But there is another side to this, to which the Prime Minister did not refer. It is the side which calls for exceptional treatment from the law because the men are now in an exceptional position as, for instance, the miner, who is in an exceptional position compared with the clerk or the shop assistant or the postal worker, a locomotive man, or a man making gas or working in a chemical yard. Many men employed in several of the more arduous and dangerous trades are now so excep- tionally circumstanced by their labouring conditions that they are entitled to some exceptional consideration. That, however, does not remove, I hope, the point which I tried to make, that even those who have a reasonable claim can press it too far and ask for too much at one time. But let me in the case of the miners recall to the House its recognition of their exceptional position. I was in this House when by almost a unanimous vote it recognised the dangerous and arduous nature of the miners' work, and the law years ago did for the miner what it would do for no other worker. It fixed his hours of labour by Statute. So that there are exceptions, and these exceptions the Government ought not wholly to set aside. When the Prime Minister or others have to consider the actions which trade unions in these days are obliged to take and the unfortunate manifestations of force in which certain trade unionists are indulging, let them not forget the history—though I am not going into it now—of the origin, development, and establishment of trade unions. They grew out of force. They had to overcome by force the forces ranged against them to get their very life. They had to fight against the law to be recognised by it. In the earlier days of our presence in this House, as the older Members will remember, we constantly had to fight for little things which the country might well have conceded as an act of simple justice. We had to reverse Osborne Judgments and Taff Vale decisions. We had to get the legal right to politically organise ourselves and to pay contributions in order to meet returning officers' expenses. So that in the very birth and history of these organisations there has been left some natural sense and consciousness of the virtues of force in the trade union mind. As this is a doctrine which has been preached in very high quarters, not without success, it is no wonder that in these days it is being imitated by simpler folks who now have the force of numbers behind them.

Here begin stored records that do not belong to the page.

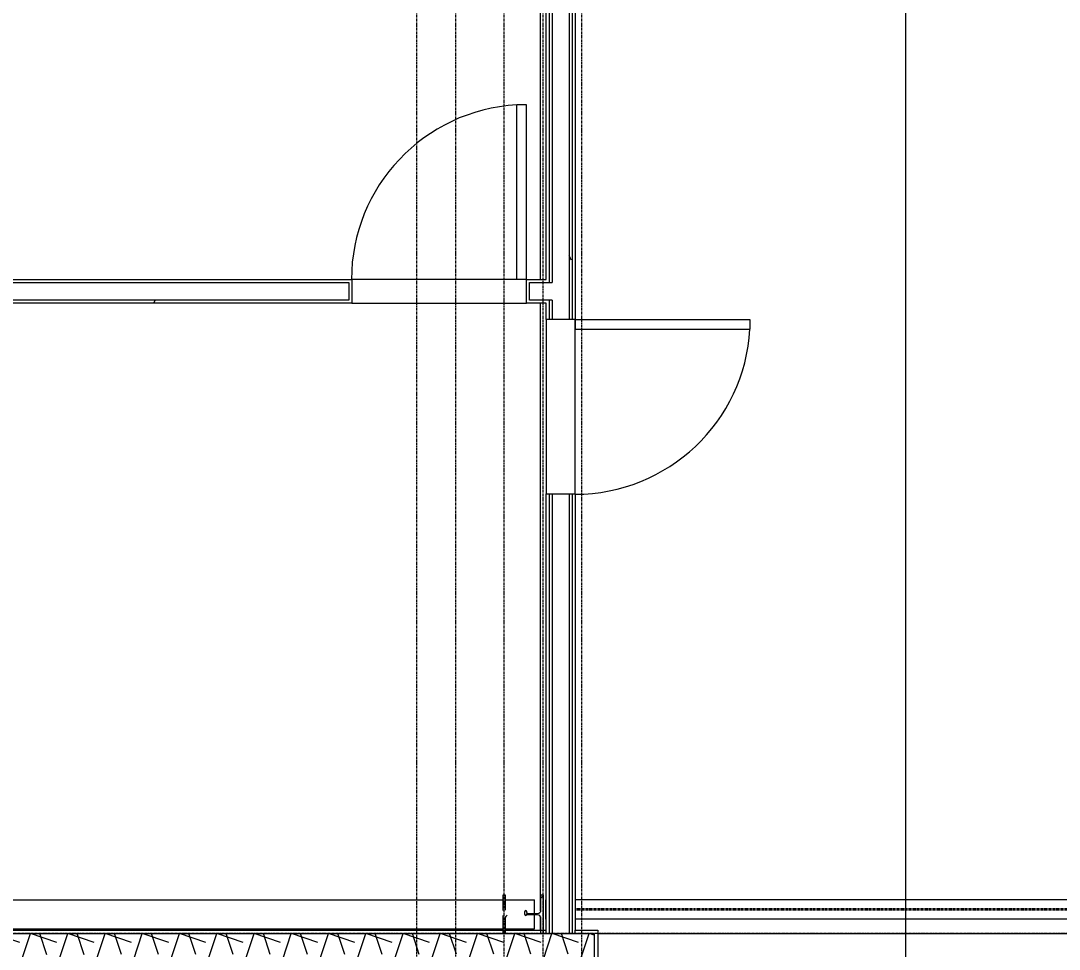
# Model space of a CAD drawing. Header units: inches. Extents: x 21035 to 27089, y -23277 to -20247.
# Drawn here: x 22691.7 to 22905.8, y -22790.5 to -22599 of the extents above; entities that cross this region are included whole.
import ezdxf

# ---------------------------------------------------------------- set-up
doc = ezdxf.new("R2010")
doc.units = ezdxf.units.IN
doc.header["$MEASUREMENT"] = 0
doc.linetypes.add('Grid Line 1_2_', pattern=[0.875, 0.5, -0.125, 0.125, -0.125])
doc.linetypes.add('Hidden 1_8_', pattern=[0.1875, 0.125, -0.0625])
for name, color, linetype, lineweight in [('A-ANNO-DIMS', 211, 'Continuous', 9), ('A-ANNO-DIMS-192', 211, 'Continuous', 9), ('A-CLNG', 13, 'Continuous', 13), ('A-DOOR', 31, 'Continuous', 13), ('A-WALL', 113, 'Continuous', 13), ('A-WALL-PATT', 111, 'Continuous', 25), ('G-ANNO-SYMB', 111, 'Continuous', 9), ('I-WALL', 2, 'Continuous', 13), ('S-BEAM', 12, 'Continuous', 13), ('S-COLS', 52, 'Continuous', 13), ('S-GRID', 1, 'Continuous', 9)]:
    doc.layers.add(name, color=color, linetype=linetype, lineweight=lineweight)
doc.styles.add('Arial_B', font='arialbd.ttf', dxfattribs={"height": 18.265612})
doc.dimstyles.new('OD_Dimension_-_1_16__Tol_', dxfattribs={"dimscale": 12, "dimtxt": 18, "dimasz": 2, "dimexe": 1.5, "dimexo": 1, "dimgap": 1, "dimtad": 1, "dimdec": 4, "dimrnd": 0.0625, "dimzin": 1, "dimdsep": 46, "dimlunit": 4, "dimtxsty": 'Arial_B', "dimblk1": 'OBLIQUE', "dimblk2": 'OBLIQUE', "dimsah": 1, "dimcen": 0.09, "dimdle": 1.5, "dimazin": 0, "dimtfac": 1, "dimtdec": 4, "dimtix": 1, "dimtmove": 0, "dimatfit": 3, "dimfxl": 1, "dimtvp": 1, "dimtfill": 1, "dimfrac": 2, "dimtolj": 1, "dimtzin": 0, "dimlwd": 13, "dimlwe": 13, "dimarcsym": 2})
pattern_1 = [(0, (0, 0), (61.44, 15.36), [2.534, -43.546, 2.534, -43.546, -245.76]), (0, (0, 0), (61.44, 15.36), [-92.16, 2.534, -89.626, 2.534, -43.546, -107.52]), (0, (0, 0), (61.44, 15.36), [-230.4, 2.534, -28.186, 2.534, -74.266]), (120, (23.04, 7.68), (-44.02215, 45.528601), [2.534, -43.546, 2.534, -43.546, -245.76]), (120, (23.04, 7.68), (-44.02215, 45.528601), [-92.16, 2.534, -89.626, 2.534, -43.546, -107.52]), (120, (23.04, 7.68), (-44.02215, 45.528601), [-230.4, 2.534, -28.186, 2.534, -74.266]), (240, (30.72, 38.4), (-17.41785, -60.888601), [2.534, -43.546, 2.534, -43.546, -245.76]), (240, (30.72, 38.4), (-17.41785, -60.888601), [-92.16, 2.534, -89.626, 2.534, -43.546, -107.52]), (240, (30.72, 38.4), (-17.41785, -60.888601), [-230.4, 2.534, -28.186, 2.534, -74.266])]

# ---------------------------------------------------------------- blocks, each defined once
blk = doc.blocks.new('W-Wide Flange - 1_-5_-1341919-RCP - First Floor')
at = {"layer": 'S-BEAM', "color": 8, "lineweight": 9}
for p, q in [((22555.39, -22780.3), (22791.14, -22780.3)), ((22791.57, -22780.3), (22797.61, -22780.3)), ((22797.61, -22783.16), (22797.61, -22780.3)), ((22797.61, -22786.3), (22797.61, -22783.45)), ((22555.46, -22786.3), (22791.14, -22786.3)), ((22791.57, -22786.3), (22797.61, -22786.3))]:
    blk.add_line(p, q, dxfattribs=at)
blk = doc.blocks.new('W-Wide Flange - W12X19-1732174-RCP - First Floor')
at = {"layer": 'S-BEAM', "color": 8, "lineweight": 9}
for p, q in [((1447.64, 2), (1727.38, 2)), ((1733.38, 2), (1733.5, 2)), ((1733.5, -2.01), (1733.5, 2)), ((1447.64, -2.01), (1727.38, -2.01)), ((1733.38, -2.01), (1733.5, -2.01))]:
    blk.add_line(p, q, dxfattribs=at)
at = {"layer": 'S-BEAM', "color": 8, "linetype": 'Hidden 1_8_', "lineweight": 9}
for p, q in [((1447.64, 0.12), (1727.38, 0.12)), ((1733.38, 0.12), (1733.5, 0.12)), ((1447.64, -0.12), (1727.38, -0.12)), ((1733.38, -0.12), (1733.5, -0.12))]:
    blk.add_line(p, q, dxfattribs=at)
blk = doc.blocks.new('Girt_C - 8_D-1732029-RCP - First Floor')
at = {"layer": 'S-BEAM', "color": 8, "lineweight": 9}
blk.add_line((22810.7, -22787.3), (22941.27, -22787.3), dxfattribs=at)
blk = doc.blocks.new('Round Bar - 1_-1778723-RCP - First Floor')
at = {"layer": 'S-BEAM', "color": 8, "lineweight": 9}
for start_param, end_param in [(0, 3.141593), (3.141593, 6.283185)]:
    blk.add_ellipse((22795.82, -22783.05), major_axis=(0, 0.5), ratio=0.535131, start_param=start_param, end_param=end_param, dxfattribs=at)
blk = doc.blocks.new('Single-Flush - 36_ x 84_-1318898-RCP - First Floor')
at = {"layer": 'A-DOOR', "color": 7}
for p, q in [((16, 2.44), (16, 38.45)), ((18, 38.45), (16, 38.45)), ((18, 2.44), (18, 38.45)), ((18, 2.44), (16, 2.44))]:
    blk.add_line(p, q, dxfattribs=at)
at = {"layer": 'A-DOOR', "color": 8, "lineweight": 9}
blk.add_arc((18, 2.44), 36.07, 93.1789, 180, dxfattribs=at)
blk = doc.blocks.new('Single-Flush - 36_ x 84_-1972644-RCP - First Floor')
at = {"layer": 'A-DOOR', "color": 7}
for p, q in [((16, -3), (16, -39.01)), ((18, -3), (16, -3)), ((18, -3), (18, -39.01)), ((18, -39.01), (16, -39.01))]:
    blk.add_line(p, q, dxfattribs=at)
at = {"layer": 'A-DOOR', "color": 8, "lineweight": 9}
blk.add_arc((18, -3), 36.07, 180, 266.8211, dxfattribs=at)
blk = doc.blocks.new('DIMBLOCK1-RCP - First Floor')
at = {"layer": 'A-ANNO-DIMS-192', "lineweight": 13}
for p, q in [((22803.39, -22796.36), (22803.39, -22910.42)), ((22803.39, -22892.42), (22803.39, -22796.36)), ((22799.39, -22887.45), (22799.39, -22910.42)), ((22799.39, -22892.42), (22799.39, -22887.45)), ((22781.39, -22892.42), (22821.39, -22892.42))]:
    blk.add_line(p, q, dxfattribs=at)
at = {"layer": 'A-ANNO-DIMS-192', "lineweight": 50}
for p, q in [((22799.39, -22892.42), (22811.39, -22880.42)), ((22803.39, -22892.42), (22815.39, -22880.42)), ((22799.39, -22892.42), (22787.39, -22904.42)), ((22803.39, -22892.42), (22791.39, -22904.42))]:
    blk.add_line(p, q, dxfattribs=at)
at = {"layer": 'A-ANNO-DIMS-192', "color": 0, "lineweight": 13, "insert": (22767.82, -22857.01), "char_height": 18.266, "width": 80.5714, "attachment_point": 1, "line_spacing_factor": 0.938532, "style": 'Arial_B', "bg_fill": 3, "box_fill_scale": 1.25, "bg_fill_color": 0, "bg_fill_transparency": 0}
blk.add_mtext('0\' - 4"', dxfattribs=at)
blk = doc.blocks.new('_Oblique')
at = {"color": 0, "linetype": 'ByBlock', "lineweight": -2}
blk.add_line((-0.5, -0.5), (0.5, 0.5), dxfattribs=at)

msp = doc.modelspace()

# ---------------------------------------------------------------- hatches: boundary and pattern name
at = {"layer": 'A-WALL-PATT', "lineweight": 9}
h = msp.add_hatch(dxfattribs=at)
h.set_pattern_fill('FP_10', color=8, style=0, pattern_type=2)
h.set_pattern_definition(pattern_1)
h.paths.add_polyline_path([(22800.64023, -22787.30281), (22800.64023, -22696.58406), (22800.01523, -22696.58406), (22800.01523, -22787.30281)], flags=0)
h.paths.add_polyline_path([(22800.64023, -22660.58406), (22800.64023, -22656.61531), (22800.01523, -22656.61531), (22800.01523, -22660.58406)], flags=0)
h.paths.add_polyline_path([(22800.01523, -22652.99031), (22800.64023, -22652.99031), (22800.64023, -22369.55281), (22800.01523, -22369.55281), (22800.01523, -22652.36531)], flags=0)
h = msp.add_hatch(dxfattribs=at)
h.set_pattern_fill('FP_10', color=8, style=0, pattern_type=2)
h.set_pattern_definition(pattern_1)
h.paths.add_polyline_path([(22804.76523, -22787.30281), (22805.39023, -22787.30281), (22805.39023, -22696.58406), (22804.76523, -22696.58406), (22804.76523, -22786.55281)], flags=0)
h.paths.add_polyline_path([(22805.39023, -22660.58406), (22805.39023, -22369.55281), (22804.76523, -22369.55281), (22804.76523, -22660.58406)], flags=0)
h = msp.add_hatch(dxfattribs=at)
h.set_pattern_fill('FP_10', color=8, style=0, pattern_type=2)
h.set_pattern_definition(pattern_1)
h.paths.add_polyline_path([(22805.39023, -22787.30281), (22806.01523, -22787.30281), (22806.01523, -22696.58406), (22805.39023, -22696.58406), (22805.39023, -22786.55281)], flags=0)
h.paths.add_polyline_path([(22805.39023, -22660.58406), (22806.01523, -22660.58406), (22806.01523, -22369.55281), (22805.39023, -22369.55281), (22805.39023, -22646.57388)], flags=0)
h = msp.add_hatch(dxfattribs=at)
h.set_pattern_fill('FP_10', color=8, style=0, pattern_type=2)
h.set_pattern_definition(pattern_1)
h.paths.add_polyline_path([(22505.01523, -22657.24031), (22759.95273, -22657.24031), (22759.95273, -22654.80281), (22759.32773, -22654.80281), (22759.32773, -22656.61531), (22504.39023, -22656.61531), (22504.39023, -22657.24031)], flags=0)
h.paths.add_polyline_path([(22795.95273, -22657.24031), (22800.01523, -22657.24031), (22800.01523, -22656.61531), (22796.57773, -22656.61531), (22796.57773, -22654.80281), (22795.95273, -22654.80281)], flags=0)
h = msp.add_hatch(dxfattribs=at)
h.set_pattern_fill('FP_11', color=8, style=0, pattern_type=2)
h.set_pattern_definition([(161.57, (0.96, 0.96), (-7.6802237, -0.0009796), [0, -54.643, 6.067, 0]), (18.43, (-0.96, 0.96), (-7.6802237, 0.0009796), [0, -54.643, 6.067, 0]), (108.43, (0.96, 0.96), (3.8382953, -19.20136532), [18.211, -42.499]), (71.57, (-0.96, 0.96), (3.8382953, 19.20136532), [18.211, -42.499])])
h.paths.add_polyline_path([(22415.951, -22795.30281), (22419.32773, -22795.30281), (22419.32773, -22787.30281), (22314.76523, -22787.30281), (22314.76523, -22795.30281), (22398.40463, -22795.30281)], flags=0)
h.paths.add_polyline_path([(22801.97125, -22795.30281), (22809.95273, -22795.30281), (22809.95273, -22787.30281), (22459.51523, -22787.30281), (22459.51523, -22795.30281), (22784.42488, -22795.30281)], flags=0)
at = {"layer": 'S-COLS', "lineweight": 9}
h = msp.add_hatch(dxfattribs=at)
h.set_pattern_fill('FP_8', color=8, style=0, pattern_type=2)
h.set_pattern_definition([(45, (0, 0), (-19.00703, 19.00703), []), (45, (0, 28.8), (-19.00703, 19.00703), [])])
h.paths.add_polyline_path([(22798.95663, -22787.30281), (22799.39023, -22787.30281), (22799.39023, -22779.30281), (22798.95663, -22779.30281), (22798.95663, -22782.46687), (22798.75412, -22782.95577), (22798.26523, -22783.15828), (22796.04698, -22783.24415), (22796.08939, -22783.44734), (22798.26523, -22783.44734), (22798.75412, -22783.64985), (22798.95663, -22784.13875)], flags=0)
h.paths.add_polyline_path([(22791.57382, -22787.30281), (22791.57382, -22784.13875), (22791.77633, -22783.64985), (22792.0106, -22783.55281), (22791.14023, -22783.55281), (22791.14023, -22787.30281)], flags=0)
h.paths.add_polyline_path([(22791.43162, -22782.55281), (22791.57382, -22782.46687), (22791.57382, -22779.30281), (22791.14023, -22779.30281), (22791.14023, -22782.55281)], flags=0)

# ---------------------------------------------------------------- linework, layer by layer
at = {"layer": 'A-CLNG', "color": 8, "lineweight": 9}
for p, q in [((22798.89023, -22652.36531), (22798.89023, -22543.72843)), ((22798.89023, -22782.62719), (22798.89023, -22657.24031)), ((22798.89023, -22786.55567), (22798.89023, -22783.97843))]:
    msp.add_line(p, q, dxfattribs=at)
at = {"layer": 'A-WALL', "color": 7}
for p, q in [((22800.64023, -22369.55281), (22800.64023, -22652.99031)), ((22801.26523, -22369.55281), (22801.26523, -22652.99031)), ((22804.76523, -22369.55281), (22804.76523, -22660.58406)), ((22805.39023, -22369.55281), (22805.39023, -22660.58406)), ((22500.76523, -22652.99031), (22759.32773, -22652.99031)), ((22759.32773, -22652.99031), (22759.32773, -22656.61531)), ((22796.57773, -22656.61531), (22796.57773, -22652.99031)), ((22796.57773, -22652.99031), (22801.26523, -22652.99031)), ((22759.32773, -22656.61531), (22504.39023, -22656.61531)), ((22801.26523, -22656.61531), (22796.57773, -22656.61531)), ((22800.64023, -22656.61531), (22800.64023, -22660.58406)), ((22801.26523, -22656.61531), (22801.26523, -22660.58406)), ((22800.64023, -22696.58406), (22800.64023, -22787.30281)), ((22801.26523, -22696.58406), (22801.26523, -22787.30281)), ((22804.76523, -22696.58406), (22804.76523, -22787.30281)), ((22805.39023, -22696.58406), (22805.39023, -22787.30281)), ((22505.01523, -22786.55281), (22800.01523, -22786.55281)), ((22800.01523, -22787.30281), (22800.01523, -22786.55281)), ((22806.01523, -22786.55281), (22810.70273, -22786.55281)), ((22806.01523, -22787.30281), (22806.01523, -22786.55281)), ((22810.70273, -22786.55281), (22810.70273, -22798.61531)), ((22459.51523, -22787.30281), (22809.95273, -22787.30281)), ((22809.95273, -22787.30281), (22809.95273, -22796.80281))]:
    msp.add_line(p, q, dxfattribs=at)
at = {"layer": 'G-ANNO-SYMB'}
msp.add_line((22874.1556, -20363.10083), (22874.1556, -23159.64997), dxfattribs=at)
at = {"layer": 'I-WALL', "color": 7}
for p, q in [((22806.01523, -22358.80281), (22806.01523, -22660.58406)), ((22800.01523, -22652.36531), (22800.01523, -22369.55281)), ((22500.14023, -22652.36531), (22759.95273, -22652.36531)), ((22759.95273, -22652.36531), (22759.95273, -22657.24031)), ((22795.95273, -22652.36531), (22800.01523, -22652.36531)), ((22795.95273, -22657.24031), (22795.95273, -22652.36531)), ((22759.95273, -22657.24031), (22505.01523, -22657.24031)), ((22800.01523, -22657.24031), (22795.95273, -22657.24031)), ((22800.01523, -22660.58406), (22800.01523, -22657.24031)), ((22806.01523, -22660.58406), (22800.01523, -22660.58406)), ((22800.01523, -22786.55281), (22800.01523, -22696.58406)), ((22800.01523, -22696.58406), (22806.01523, -22696.58406)), ((22806.01523, -22696.58406), (22806.01523, -22786.55281))]:
    msp.add_line(p, q, dxfattribs=at)
at = {"layer": 'I-WALL', "color": 8, "lineweight": 9}
for p, q in [((22795.95273, -22652.36531), (22759.95273, -22652.36531)), ((22759.95273, -22657.24031), (22795.95273, -22657.24031)), ((22800.01523, -22660.58406), (22800.01523, -22696.58406)), ((22806.01523, -22696.58406), (22806.01523, -22660.58406))]:
    msp.add_line(p, q, dxfattribs=at)
at = {"layer": 'S-COLS', "color": 7}
for p, q in [((22791.14023, -22782.55346), (22791.14023, -22779.30281)), ((22791.14023, -22779.30281), (22791.57382, -22779.30281)), ((22791.57382, -22779.30281), (22791.57382, -22782.46687)), ((22798.95663, -22782.46687), (22798.95663, -22779.30281)), ((22798.95663, -22779.30281), (22799.39023, -22779.30281)), ((22799.39023, -22779.30281), (22799.39023, -22787.30281)), ((22791.14023, -22787.30281), (22791.14023, -22783.55216)), ((22791.57382, -22784.13875), (22791.57382, -22787.30281)), ((22798.26523, -22783.44734), (22795.95809, -22783.44734)), ((22796.06602, -22783.15828), (22798.26523, -22783.15828)), ((22798.95663, -22787.30281), (22798.95663, -22784.13875)), ((22791.57382, -22787.30281), (22791.14023, -22787.30281)), ((22799.39023, -22787.30281), (22798.95663, -22787.30281))]:
    msp.add_line(p, q, dxfattribs=at)
for centre, start, end in [((22798.26523, -22782.46687), 270, 0), ((22792.26523, -22784.13875), 113.3197984, 180), ((22798.26523, -22784.13875), 0, 90)]:
    msp.add_arc(centre, 0.69141, start, end, dxfattribs=at)
at = {"layer": 'S-GRID', "linetype": 'Grid Line 1_2_'}
for p, q in [((22773.39023, -23227.3711), (22773.39023, -20361.60083)), ((22781.39023, -23227.3711), (22781.39023, -20361.60083)), ((22781.39023, -23227.3711), (22781.39023, -20361.60083)), ((22791.39023, -23227.3711), (22791.39023, -20361.60083)), ((22799.39023, -23227.3711), (22799.39023, -20361.60083)), ((22799.39023, -23227.3711), (22799.39023, -20361.60083)), ((22807.39023, -23227.3711), (22807.39023, -20361.60083)), ((26557.32365, -22787.30281), (21678.63847, -22787.30281)), ((26557.32365, -22787.30281), (21678.63847, -22787.30281))]:
    msp.add_line(p, q, dxfattribs=at)

# ---------------------------------------------------------------- block references
at = {"layer": 'A-DOOR', "color": 250, "lineweight": 9}
msp.add_blockref('Single-Flush - 36_ x 84_-1318898-RCP - First Floor', (22777.95273, -22654.80281), dxfattribs=at)
at = {"layer": 'A-DOOR', "color": 250, "lineweight": 9, "rotation": 89.99999999999206}
msp.add_blockref('Single-Flush - 36_ x 84_-1972644-RCP - First Floor', (22803.01523, -22678.58406), dxfattribs=at)
at = {"layer": 'S-BEAM', "color": 8, "lineweight": 9}
for name in ['W-Wide Flange - 1_-5_-1341919-RCP - First Floor', 'Round Bar - 1_-1778723-RCP - First Floor', 'Girt_C - 8_D-1732029-RCP - First Floor']:
    msp.add_blockref(name, (0, 0), dxfattribs=at)
at = {"layer": 'S-BEAM', "color": 8, "lineweight": 9, "rotation": 180}
msp.add_blockref('W-Wide Flange - W12X19-1732174-RCP - First Floor', (24533.39023, -22782.30281), dxfattribs=at)

# ---------------------------------------------------------------- next in the draw order: dimensions: what is measured, and where the dimension line sits
at = {"layer": 'A-ANNO-DIMS', "lineweight": 13}
dim = msp.add_linear_dim(base=(22803.39023, -22892.42194), p1=(22799.39023, -22875.45138), p2=(22803.39023, -22784.36286), dimstyle='OD_Dimension_-_1_16__Tol_', override={"dimpost": '<>', "dimfxl": 91.176305}, dxfattribs=at)
dim.commit()
dim.dimension.update_dxf_attribs({"geometry": 'DIMBLOCK1-RCP - First Floor', "text_midpoint": (22801.39023, -22871.09601)})

doc.saveas('drawing.dxf')
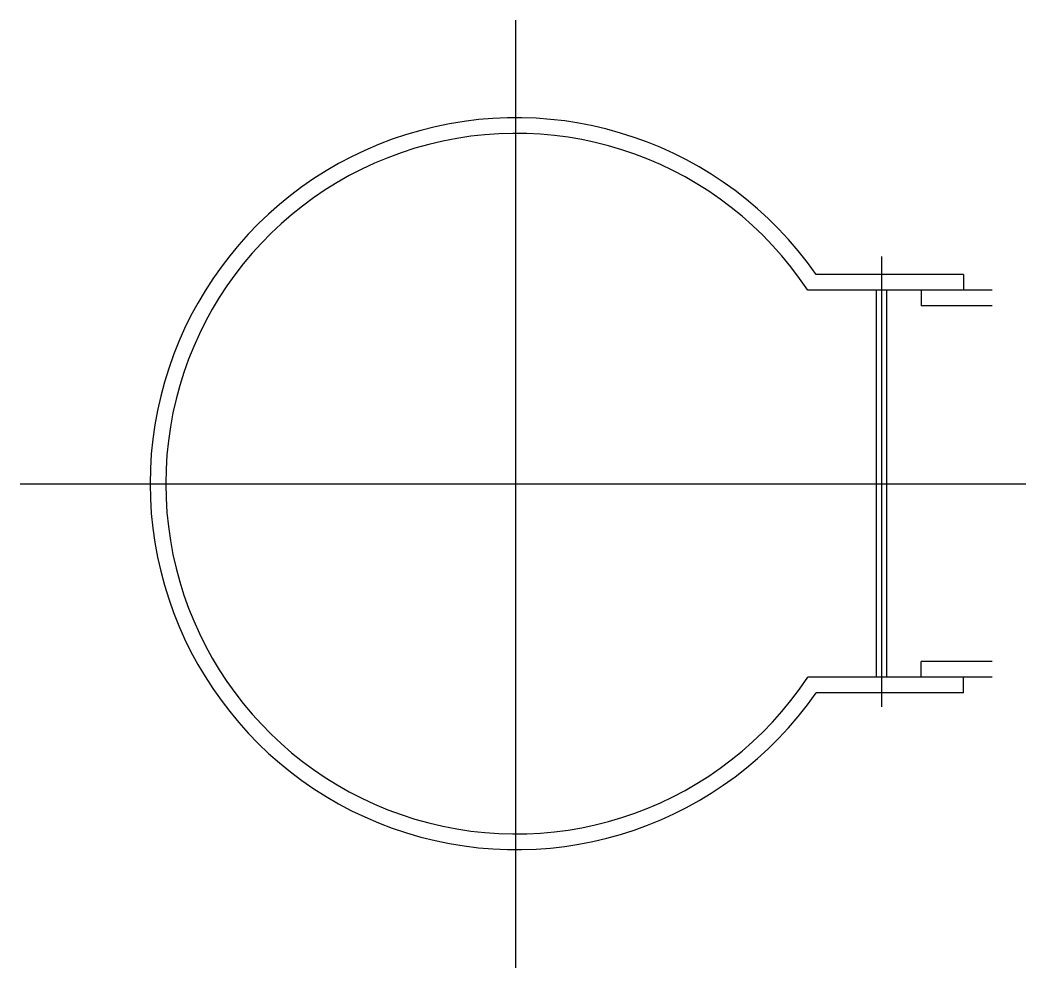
# Model space of a CAD drawing. Extents: x 9672 to 10635, y 29327 to 30233.
import ezdxf

# ---------------------------------------------------------------- set-up
doc = ezdxf.new("R2010")
doc.units = 0
doc.header["$LTSCALE"] = 400
doc.linetypes.add('CENTER', pattern=[0])
doc.layers.add('21', color=1, linetype='CENTER')
doc.layers.add('40', color=7, linetype='CONTINUOUS')

msp = doc.modelspace()

# ---------------------------------------------------------------- linework, layer by layer
at = {"layer": '21', "color": 0}
for p, q in [((10146.71, 29326.55), (10146.71, 30232.96)), ((10496.71, 29576.07), (10496.71, 30006.87)), ((9672.36, 29789.61), (10634.64, 29789.61))]:
    msp.add_line(p, q, dxfattribs=at)
at = {"layer": '40', "color": 0}
for p, q in [((10574.88, 29989.61), (10433.94, 29989.61)), ((10574.88, 29989.61), (10574.88, 29974.61)), ((10602.43, 29974.61), (10425.99, 29974.61)), ((10491.71, 29604.61), (10491.71, 29974.61)), ((10501.71, 29604.61), (10501.71, 29974.61)), ((10534.46, 29974.61), (10534.46, 29959.61)), ((10602.43, 29959.61), (10534.46, 29959.61)), ((10602.43, 29619.61), (10534.46, 29619.61)), ((10534.46, 29604.61), (10534.46, 29619.61)), ((10602.43, 29604.61), (10425.99, 29604.61)), ((10574.88, 29589.61), (10574.88, 29604.61)), ((10574.88, 29589.61), (10433.94, 29589.61))]:
    msp.add_line(p, q, dxfattribs=at)
for radius, start, end in [(350, 34.8499, 325.1501), (335, 33.52074, 326.47926)]:
    msp.add_arc((10146.71, 29789.61), radius, start, end, dxfattribs=at)

doc.saveas('drawing.dxf')

Against that doctrine of force I put the view for what it is worth to the trade union mind of the ultimate dangers and losses and the present futility of that method on the part of trade unions. I stand not only for respect for the law, because we make it, but because some day those of us who have now to play the part of critic and sometimes of opponent of the Government may for aught we know be called upon by the country to be responsible for the making and admistration of the law. We, or those who are to follow us, who may have that responsibility should be careful of the examples which in theses days of less responsibility and greater freedom we may now set. Therefore, we want not only law in the land and respect for it so long as it is the law, but law within the trade unions, law within these great organisations which sometimes can become so potent as to contest the law and even overcome it. I want to see discipline maintained in these great organisations. Some of these trade unions and their officers are now on their trial. I would ask these officers to show themselves worthy of the occasion and not to surrender their self-respect to any degree of pressure that may be used against them in connection with any one of these industrial disputes. So long as leaders are authorised to lead and are put in positions of responsibility to guide and advise they should insist, if only as a matter of their own self-respect, upon the rules, regulations and procedure of their organisations and their societies being followed just as we would insist upon the law of the land being applied if we were responsible for it.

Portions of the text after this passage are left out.